The records below are to be transcribed exactly from their first line to the line that has "import ezdxf", inclusive, with every picture omitted.
** Records for processing follows **
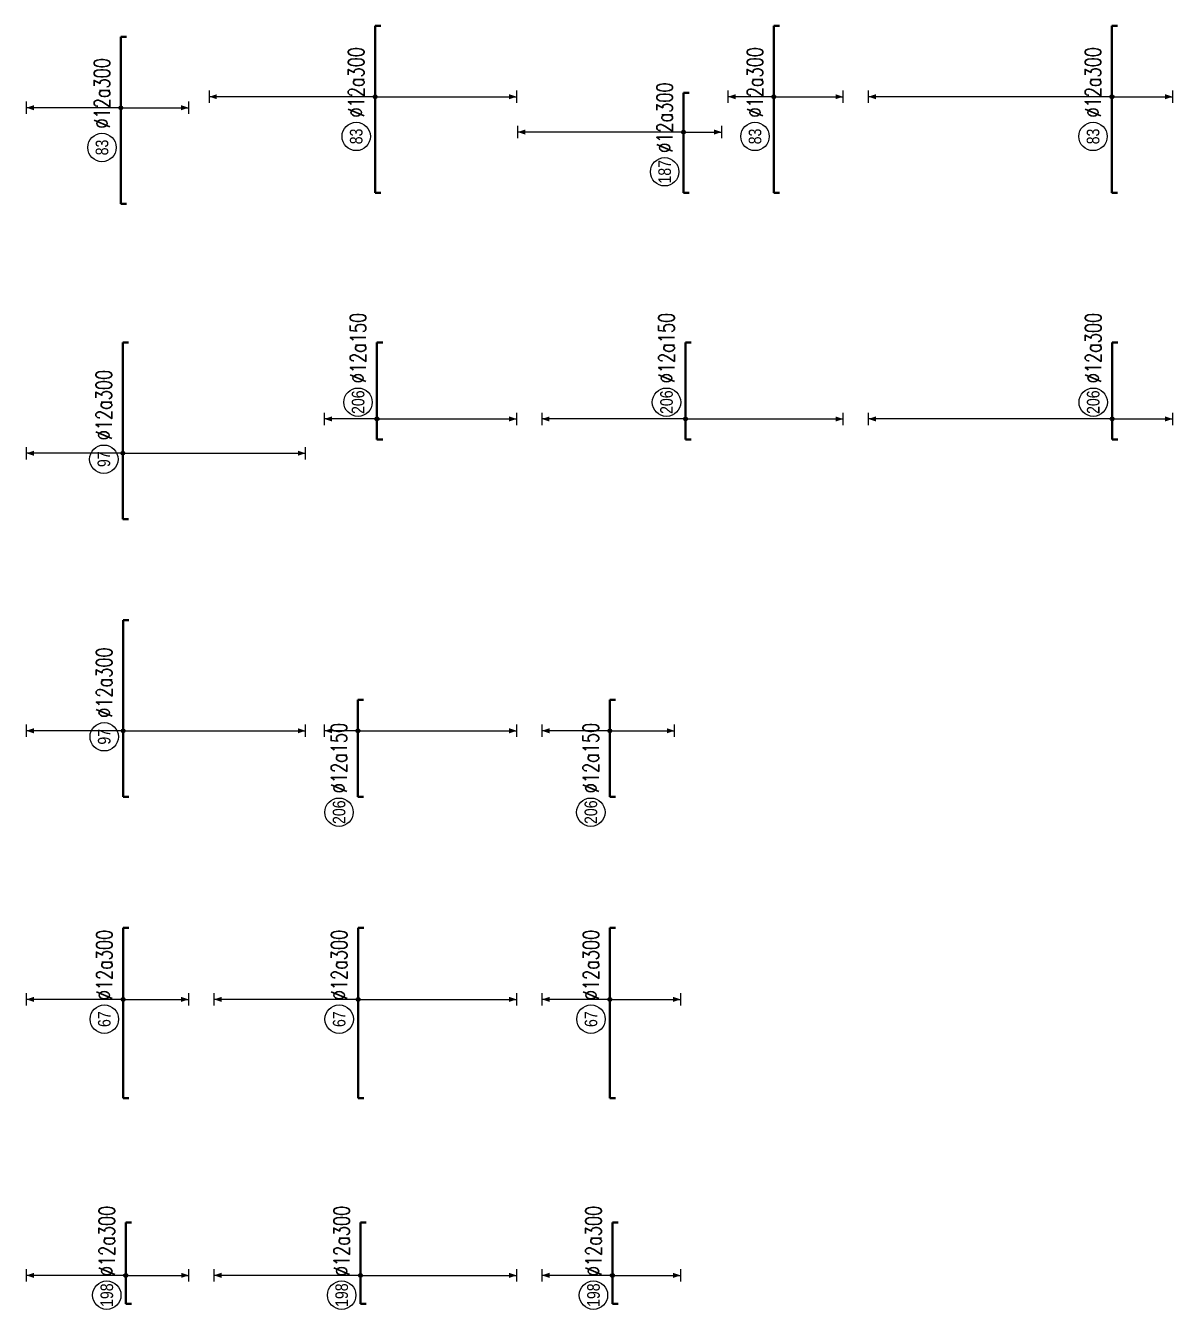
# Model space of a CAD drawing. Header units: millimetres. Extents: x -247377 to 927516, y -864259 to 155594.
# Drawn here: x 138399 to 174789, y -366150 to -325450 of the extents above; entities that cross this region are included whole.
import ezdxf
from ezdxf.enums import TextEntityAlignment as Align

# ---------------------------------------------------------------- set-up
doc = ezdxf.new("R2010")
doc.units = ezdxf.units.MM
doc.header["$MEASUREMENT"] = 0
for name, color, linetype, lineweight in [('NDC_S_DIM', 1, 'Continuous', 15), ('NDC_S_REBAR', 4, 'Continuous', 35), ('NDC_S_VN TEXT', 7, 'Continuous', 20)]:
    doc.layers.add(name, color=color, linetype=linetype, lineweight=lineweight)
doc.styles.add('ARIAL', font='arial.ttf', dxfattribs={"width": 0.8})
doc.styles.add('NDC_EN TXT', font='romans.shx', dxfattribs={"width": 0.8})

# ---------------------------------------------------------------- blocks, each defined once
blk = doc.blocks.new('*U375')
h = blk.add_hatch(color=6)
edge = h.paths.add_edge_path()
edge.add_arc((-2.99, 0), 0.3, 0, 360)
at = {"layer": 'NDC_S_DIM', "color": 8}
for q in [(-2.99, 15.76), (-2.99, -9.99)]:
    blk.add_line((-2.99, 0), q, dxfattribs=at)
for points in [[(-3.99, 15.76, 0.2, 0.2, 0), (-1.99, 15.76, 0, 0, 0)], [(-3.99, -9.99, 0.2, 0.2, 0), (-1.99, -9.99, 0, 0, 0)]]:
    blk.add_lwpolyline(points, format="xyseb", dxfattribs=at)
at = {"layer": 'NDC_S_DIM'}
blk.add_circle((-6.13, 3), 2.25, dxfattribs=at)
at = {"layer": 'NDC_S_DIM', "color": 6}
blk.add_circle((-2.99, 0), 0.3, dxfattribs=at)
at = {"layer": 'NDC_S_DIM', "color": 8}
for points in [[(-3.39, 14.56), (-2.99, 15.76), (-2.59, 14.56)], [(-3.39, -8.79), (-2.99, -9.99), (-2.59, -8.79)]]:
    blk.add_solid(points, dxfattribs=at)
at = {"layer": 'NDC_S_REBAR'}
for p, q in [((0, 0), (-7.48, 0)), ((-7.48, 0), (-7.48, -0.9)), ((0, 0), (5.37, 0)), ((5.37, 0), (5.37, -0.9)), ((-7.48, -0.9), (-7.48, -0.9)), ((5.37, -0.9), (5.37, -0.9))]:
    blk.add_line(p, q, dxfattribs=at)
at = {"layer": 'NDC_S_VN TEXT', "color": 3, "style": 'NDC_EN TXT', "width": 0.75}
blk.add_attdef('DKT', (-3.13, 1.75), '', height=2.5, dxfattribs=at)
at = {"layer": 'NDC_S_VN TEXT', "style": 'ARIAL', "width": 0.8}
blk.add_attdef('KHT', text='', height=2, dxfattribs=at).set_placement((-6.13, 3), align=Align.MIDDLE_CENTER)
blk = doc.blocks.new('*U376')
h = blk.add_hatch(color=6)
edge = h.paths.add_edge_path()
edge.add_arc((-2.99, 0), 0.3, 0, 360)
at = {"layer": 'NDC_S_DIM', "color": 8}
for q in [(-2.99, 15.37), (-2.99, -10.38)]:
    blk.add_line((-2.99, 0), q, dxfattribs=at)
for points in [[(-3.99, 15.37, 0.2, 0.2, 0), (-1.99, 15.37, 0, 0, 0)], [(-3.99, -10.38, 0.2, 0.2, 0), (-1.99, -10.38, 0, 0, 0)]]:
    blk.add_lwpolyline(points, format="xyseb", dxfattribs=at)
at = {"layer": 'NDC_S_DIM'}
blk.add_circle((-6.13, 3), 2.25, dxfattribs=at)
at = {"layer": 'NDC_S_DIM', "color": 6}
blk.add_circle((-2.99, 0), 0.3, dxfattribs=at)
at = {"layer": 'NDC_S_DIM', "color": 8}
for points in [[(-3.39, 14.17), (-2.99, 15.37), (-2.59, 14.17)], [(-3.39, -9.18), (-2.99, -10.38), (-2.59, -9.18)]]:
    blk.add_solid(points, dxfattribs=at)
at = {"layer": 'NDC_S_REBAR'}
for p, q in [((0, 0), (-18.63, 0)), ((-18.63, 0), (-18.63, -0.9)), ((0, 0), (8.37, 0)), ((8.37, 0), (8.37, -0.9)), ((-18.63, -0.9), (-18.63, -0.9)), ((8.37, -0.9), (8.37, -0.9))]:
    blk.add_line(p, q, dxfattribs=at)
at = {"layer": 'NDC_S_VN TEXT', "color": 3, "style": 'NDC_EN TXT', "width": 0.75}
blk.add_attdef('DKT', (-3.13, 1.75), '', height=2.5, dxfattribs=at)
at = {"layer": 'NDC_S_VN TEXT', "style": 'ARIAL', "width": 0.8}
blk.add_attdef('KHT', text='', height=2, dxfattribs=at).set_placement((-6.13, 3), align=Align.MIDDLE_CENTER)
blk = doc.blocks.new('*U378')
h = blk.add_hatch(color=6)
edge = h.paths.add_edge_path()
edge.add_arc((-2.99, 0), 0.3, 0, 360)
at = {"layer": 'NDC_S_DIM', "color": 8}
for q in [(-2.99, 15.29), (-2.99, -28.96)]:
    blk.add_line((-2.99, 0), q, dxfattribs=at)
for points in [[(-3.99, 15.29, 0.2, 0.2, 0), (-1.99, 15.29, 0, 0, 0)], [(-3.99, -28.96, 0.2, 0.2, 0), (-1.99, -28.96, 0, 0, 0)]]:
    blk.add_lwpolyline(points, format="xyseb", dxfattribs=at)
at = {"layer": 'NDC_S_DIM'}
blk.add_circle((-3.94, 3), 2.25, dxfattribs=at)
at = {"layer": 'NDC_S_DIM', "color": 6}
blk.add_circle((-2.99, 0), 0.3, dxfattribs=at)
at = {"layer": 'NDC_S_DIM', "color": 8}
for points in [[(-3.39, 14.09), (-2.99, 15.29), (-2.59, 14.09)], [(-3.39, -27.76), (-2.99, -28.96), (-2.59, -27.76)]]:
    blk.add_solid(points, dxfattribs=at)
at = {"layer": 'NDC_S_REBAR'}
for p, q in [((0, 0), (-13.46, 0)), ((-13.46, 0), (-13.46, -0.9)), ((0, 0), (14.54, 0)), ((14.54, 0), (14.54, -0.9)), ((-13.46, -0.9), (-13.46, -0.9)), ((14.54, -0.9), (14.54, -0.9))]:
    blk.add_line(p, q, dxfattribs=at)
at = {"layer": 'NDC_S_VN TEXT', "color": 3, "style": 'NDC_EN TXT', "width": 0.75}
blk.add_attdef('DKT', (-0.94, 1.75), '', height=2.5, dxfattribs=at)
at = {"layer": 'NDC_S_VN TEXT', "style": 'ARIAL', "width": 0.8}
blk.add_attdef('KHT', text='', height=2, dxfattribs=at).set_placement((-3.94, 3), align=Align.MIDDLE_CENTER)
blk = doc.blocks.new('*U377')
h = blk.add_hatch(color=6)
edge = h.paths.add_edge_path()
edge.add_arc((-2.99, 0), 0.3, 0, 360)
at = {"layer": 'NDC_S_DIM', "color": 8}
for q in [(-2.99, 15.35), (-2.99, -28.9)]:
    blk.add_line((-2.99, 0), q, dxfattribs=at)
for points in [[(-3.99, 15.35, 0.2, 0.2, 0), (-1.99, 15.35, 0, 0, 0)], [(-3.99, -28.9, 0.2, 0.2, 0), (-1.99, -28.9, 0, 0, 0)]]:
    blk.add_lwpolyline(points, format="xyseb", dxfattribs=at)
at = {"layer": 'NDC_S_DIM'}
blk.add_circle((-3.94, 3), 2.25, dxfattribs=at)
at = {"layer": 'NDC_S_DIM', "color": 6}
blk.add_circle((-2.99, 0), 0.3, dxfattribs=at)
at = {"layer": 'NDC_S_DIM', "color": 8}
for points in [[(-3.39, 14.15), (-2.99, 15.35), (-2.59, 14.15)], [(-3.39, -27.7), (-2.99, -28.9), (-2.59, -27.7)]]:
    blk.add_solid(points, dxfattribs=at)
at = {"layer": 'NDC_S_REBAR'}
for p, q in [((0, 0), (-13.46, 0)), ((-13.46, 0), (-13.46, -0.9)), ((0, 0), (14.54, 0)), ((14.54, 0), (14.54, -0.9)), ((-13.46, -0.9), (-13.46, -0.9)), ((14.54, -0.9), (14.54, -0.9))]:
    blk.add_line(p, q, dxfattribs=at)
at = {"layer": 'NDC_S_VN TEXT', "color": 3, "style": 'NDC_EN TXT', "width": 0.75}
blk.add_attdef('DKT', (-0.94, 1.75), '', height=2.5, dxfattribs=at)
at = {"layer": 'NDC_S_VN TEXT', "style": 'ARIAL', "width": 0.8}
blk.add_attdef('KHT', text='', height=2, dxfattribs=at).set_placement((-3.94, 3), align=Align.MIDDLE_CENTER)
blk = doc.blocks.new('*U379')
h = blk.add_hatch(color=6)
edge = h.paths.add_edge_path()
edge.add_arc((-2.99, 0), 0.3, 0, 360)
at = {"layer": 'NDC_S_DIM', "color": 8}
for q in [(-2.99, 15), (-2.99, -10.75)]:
** End of Records for processing **
Result below:
# Model space of a CAD drawing. Header units: millimetres. Extents: x -247377 to 927516, y -864259 to 155594.
# Drawn here: x 138399 to 174789, y -366150 to -325450 of the extents above; entities that cross this region are included whole.
import ezdxf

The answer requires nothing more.